Kingdom Project
Overview
The goal of the project is to create a compelling software environment for the development and execution of applications that are adaptable to diverse delivery contexts, using formal methods to ensure reliability.
Put simply, we want to create software that doesn't suck.
Licensing
Code will be released under the GNU General Public License, version 3.
Other licenses may be available from YesLogic on request.
Focus Areas
- Regular Expressions
- Irregular Expressions
- Grammars & Parsing
- JavaScript
- Binary Data Formats
- Unicode Encoding
Regular Expressions
- Goals
-
Certified compilation of regular expressions to automata using Antimirov's partial derivatives construction.
- Motivation
-
Regular expressions are a formalism ideally suited to specification and implementation with formal methods. They are essential for text processing and form the basis of most markup schema languages. Antimirov's construction offers a new technique for compiling regular expressions to automata that has not been widely implemented, but promises improved efficiency over the traditional approach.
- References
-
Partial Derivatives of Regular Expressions and Finite Automata Constructions, V. Antimirov (CiteSeer)
Irregular Expressions
- Goals
-
Formal semantics and implementation for regular expressions with backreferences and other extensions.
- Motivation
-
Popular implementations of regular expressions typically add features such as backreferences, that are not found in the regular languages and are impossible to implement efficiently in the general case. Nevertheless, these features must be supported, and ideally would be implemented in such a way that they do not impose any performance penalty for expressions in which they are not used.
Grammars & Parsing
- Goals
-
Factoring left-recursive grammars while preserving equivalence and implementation of top-down parsers.
- Motivation
-
Many grammars can be parsed by top-down parsers, which are simple to implement and verify. However, left-recursive grammars must be factored first to avoid infinite recursion in the parser. The grammar given for JavaScript in the ECMA standard is a good example of a left-recursive grammar that is amenable to top-down parsing if factored.
JavaScript
- Goals
-
Formal specification of JavaScript semantics and implementation of a certified interpreter / JIT compiler.
- Motivation
-
JavaScript is the programming language of the modern web, powering interactive websites, online applications, games, and increasingly even the browsers themselves. Standards compliance, reliability, and security are crucial requirements for any JavaScript implementation. A certified JavaScript implementation conforming to a formal specification of the language semantics would be a strong foundation for the next generation of web user-agents.
- References
-
ECMA-262 — 3rd edition (HTML)
ECMAScript Edition 3 Errata (HTML)
EcmaScript 3.1 Working Draft, ES4 Wiki (HTML)
Binary Data Formats
- Goals
-
Design and implementation of a language for describing binary data formats.
- Motivation
-
Applications often need to process binary data formats such as OpenType fonts, PNG and JPEG images, multimedia container formats and ZIP archives. Typically these formats are supported by C libraries which offer no guarantees of correctness or reliability, and over the years there have been numerous security exploits targeting these libraries.

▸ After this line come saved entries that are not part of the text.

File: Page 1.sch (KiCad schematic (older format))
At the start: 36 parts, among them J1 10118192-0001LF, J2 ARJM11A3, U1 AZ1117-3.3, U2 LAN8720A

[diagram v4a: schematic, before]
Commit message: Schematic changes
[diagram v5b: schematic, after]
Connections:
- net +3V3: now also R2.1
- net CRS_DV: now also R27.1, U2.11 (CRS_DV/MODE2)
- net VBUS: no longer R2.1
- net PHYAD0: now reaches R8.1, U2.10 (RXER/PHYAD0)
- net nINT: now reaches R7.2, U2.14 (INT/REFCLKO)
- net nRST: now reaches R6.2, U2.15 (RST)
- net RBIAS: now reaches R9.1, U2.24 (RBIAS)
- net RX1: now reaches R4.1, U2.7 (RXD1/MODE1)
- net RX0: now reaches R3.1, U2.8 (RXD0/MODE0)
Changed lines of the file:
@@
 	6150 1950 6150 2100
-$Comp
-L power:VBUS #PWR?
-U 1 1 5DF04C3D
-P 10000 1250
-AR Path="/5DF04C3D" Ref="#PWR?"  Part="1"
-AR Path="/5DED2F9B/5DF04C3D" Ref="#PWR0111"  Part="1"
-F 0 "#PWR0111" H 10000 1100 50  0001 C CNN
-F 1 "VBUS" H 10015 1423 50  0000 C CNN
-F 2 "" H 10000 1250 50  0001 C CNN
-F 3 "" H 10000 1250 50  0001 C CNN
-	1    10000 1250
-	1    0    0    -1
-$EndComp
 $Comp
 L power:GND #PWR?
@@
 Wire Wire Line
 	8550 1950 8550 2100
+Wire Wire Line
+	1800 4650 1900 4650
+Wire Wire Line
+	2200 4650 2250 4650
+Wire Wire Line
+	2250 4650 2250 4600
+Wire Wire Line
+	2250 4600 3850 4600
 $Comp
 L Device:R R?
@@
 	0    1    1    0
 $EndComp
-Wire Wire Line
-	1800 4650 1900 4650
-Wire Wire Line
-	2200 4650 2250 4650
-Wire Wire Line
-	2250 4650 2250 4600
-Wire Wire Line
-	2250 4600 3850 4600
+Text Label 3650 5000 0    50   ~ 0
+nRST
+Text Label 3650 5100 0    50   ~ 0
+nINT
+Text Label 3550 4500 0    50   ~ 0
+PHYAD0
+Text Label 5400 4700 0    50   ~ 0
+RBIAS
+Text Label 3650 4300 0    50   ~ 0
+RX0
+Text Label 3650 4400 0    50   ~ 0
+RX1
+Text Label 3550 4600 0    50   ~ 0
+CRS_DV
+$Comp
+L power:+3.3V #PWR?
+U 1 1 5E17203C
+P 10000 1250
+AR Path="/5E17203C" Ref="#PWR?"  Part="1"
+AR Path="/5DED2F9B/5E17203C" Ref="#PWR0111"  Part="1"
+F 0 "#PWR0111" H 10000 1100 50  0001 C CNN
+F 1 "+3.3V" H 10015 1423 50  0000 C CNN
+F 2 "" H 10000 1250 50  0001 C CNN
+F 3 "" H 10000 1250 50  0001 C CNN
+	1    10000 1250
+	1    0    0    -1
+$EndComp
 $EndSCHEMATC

A data description language for describing binary data formats would offer a robust solution to these problems. The language would require dependent types, as array lengths and integer widths can depend upon earlier values in the binary data. From the format description it would be possible to programmatically derive functions for safe access to the data in a binary file, eliminating the need for tedious and error-prone manual coding.
- References
-
The Next 700 Data Description Languages, K. Fisher, Y. Mandelbaum, and D. Walker (PDF)
Unicode Encoding
- Goals
-
Formal specification of UTF-8 encoding and implementation of encoder/decoder.
- Motivation
-
UTF-8 decoding is simple, but surprisingly easy to get wrong, which has been the cause of several security exploits. An elegant formalisation of UTF-8 that could be used to verify implementations would be very useful. An extra complication is that implementations may be optimised to decode multiple characters simultaneously using SIMD instructions.
Future Ideas
Knuth / Plass paragraph breaking algorithm, a landmark in document layout. Perhaps this is a specific instance of general techniques dynamic programming and could be formalised as such?
Hexadecimal integer literals in Coq. Don't laugh, this is a serious issue!
Specialisation or partial evaluation allows greater use of abstraction in the code design without compromising runtime performance. For example, specifying multiple simple transformations that are combined into a more complex single-pass transformation. A common use case for this is text processing, which usually consists of a decoding step that transforms a byte sequence to a Unicode code point sequence, then a subsequent parsing step applied to the code point sequence. Expressing these as separate transformations improves clarity, but combining them can improve performance by removing the need to explicitly create the intermediate sequences. See Neil Mitchell's Supero optimisations for Haskell.
HTML parsing. This is a big one. How to create a formal spec when there is barely even an informal spec?
Are attribute grammars an appropriate formalisation for the "cascade" of formatting properties required by CSS and XSL-FO?
OpenType layout features combine glyph substitutions and context-sensitive rewrite rules in a way that can be quite inefficient if implemented naively. Is it worth compiling these into an automata of some kind?
Rasterisation has a strong geometrical basis, and should be amenable to formal treatment. For compositional imaging, the Haskell Pan library and Core Image MacOS X API offer promising directions.
IO with left-fold enumerators?